18The reply to that letter included the following:
"As we notified you on behalf of our client, he has not abandoned his employment. He has taken sick leave and subsequently, when he exhausted his sick leave entitlements, he has taken annual leave. We note that your client stopped paying our client since 22 December 2011. This is unlawful since our client is on annual leave. We demand that payment be made forthwith.
...
1. Payment of the expenses relating to the [permanent residency application].
Our client has not left the employment."
19His Honour dealt with the issue in his reasons for judgment in the following way:
"That [30 January 2012 letter] indicates to me that the employer/plaintiff had determined not to pay anyway since 21 December 2011 purportedly on the basis that the plaintiff had abandoned his employment and then subsequently the requests for the return of the furniture and the like which, of course, was provided it says on p 3 para 3 'as part of the salary package during his employment.'
The defendant's solicitors kept advising the plaintiff's solicitors that as far as he was concerned he was still employed. He hadn't abandoned his employment. I interpret that letter, in all the circumstances, of a relationship between the parties, in all of the course of correspondence, the threat by the plaintiff (as said) suing for unpaid benefits which he is still entitled to do even whilst employed; that the plaintiff company realising in my view that there was this outstanding claim of a large sum, and referring to Mr Stephenson's submissions and the authority relied upon, I would have, in any event, without even reading the submissions, in my view interpreted that letter as a constructive dismissal of the defendant. But even if I had not formed the view that it was a constructive dismissal, in my view the defendant did not leave his employment, on my construction of the pledge, by way of resignation.
By the time it got to the point where he was fit to be able to return to some form of work with the employer, however impracticable that would have been, he had effectively already been dismissed. The way I interpret the pledge is that the circumstances that surrounded the defendant's cessation of employment with the plaintiff did not fall within my construction of that pledge and that alternatively I find that he was dismissed by his employer. Accordingly, it wasn't for having caused harm with the company, but rather simply dismissed in other circumstances other than harm to the company and that the circumstances upon which did not fall within that pledge.
I find, accordingly, on a contractual basis, that there is no breach of that contract. As I said earlier, that's on the basis that I find that it was a contractual relationship. I find that the employment plaintiff perhaps, in some respects from their own point of view, justifiably dismissed the employee that had threatened to sue them for hundreds of thousands of dollars for unpaid benefits."

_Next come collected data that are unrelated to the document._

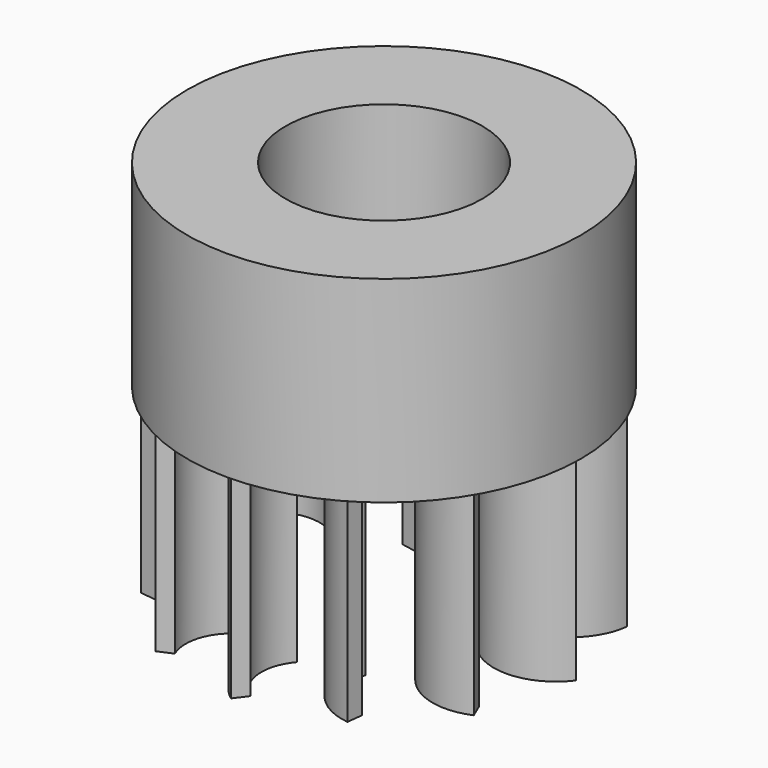
from build123d import *

# Parameters (mm, degrees)
F0_R            = 50
F1_DEPTH        = 50
F2_R            = 25
F3_DEPTH        = 50
F5_DEPTH        = 50
F5_COPIES_COUNT = 12


# Not quite as in the source:
# - a pattern or mirror of a feature is missing from the dataset's text; its kind, count and spacing are read off the source's solid


with BuildPart() as f1:
    # F0 (on Top) → F1 (new body)
    with BuildSketch(Plane.XY):
        Circle(F0_R)
    extrude(amount=F1_DEPTH)

    # F2 (on Top) → F3 (cut)
    with BuildSketch(Plane.XY):
        Circle(F2_R)
    extrude(amount=F3_DEPTH, mode=Mode.SUBTRACT)

    # F4 (on Top) → F5 (join)
    with BuildSketch(Plane.XY):
        with BuildLine():
            Line((24.2363690546, 14.6788293603), (23.4842319041, 10.750179179))
            ThreePointArc((23.4842319041, 10.750179179), (35.7966783621, 13.5258846201), (42.1475842595, 24.4330782443))
            Line((42.1475842595, 24.4330782443), (38.1746449562, 24.8975734892))
            ThreePointArc((38.1746449562, 24.8975734892), (33.4316236094, 16.7517982205), (24.2363690546, 14.6788293603))
        make_face()
    f5 = extrude(amount=-F5_DEPTH)

    # F5_copies: F5 ×12 about axis
    f5_copies_axis = Axis((0, 0, 0), (0, 0, 1))
    for i in range(1, F5_COPIES_COUNT):
        add(f5.rotate(f5_copies_axis, i * 360 / F5_COPIES_COUNT))


solid = f1.part

20World Avenue contended in this Court that his Honour was incorrect in finding that it had constructively dismissed Mr Tsunashima. It submitted that he had constructively resigned from his employment, in the sense that he repudiated the employment agreement by conduct in refraining from returning to work and in continuing to do so even after he became fit to resume at least some of his duties. World Avenue contended further that, on the true construction of the pledge, such constructive resignation activated Mr Tsunashima's liability to repay the permanent residency application expenses.
21Mr Tsunashima emphasised that his Honour found in his favour on alternative bases. First, upon the basis that he had been constructively dismissed. Secondly, upon the basis that even if he had resigned, Mr Tsunashima did not do so "for personal reasons" within the meaning of that expression as used in the pledge.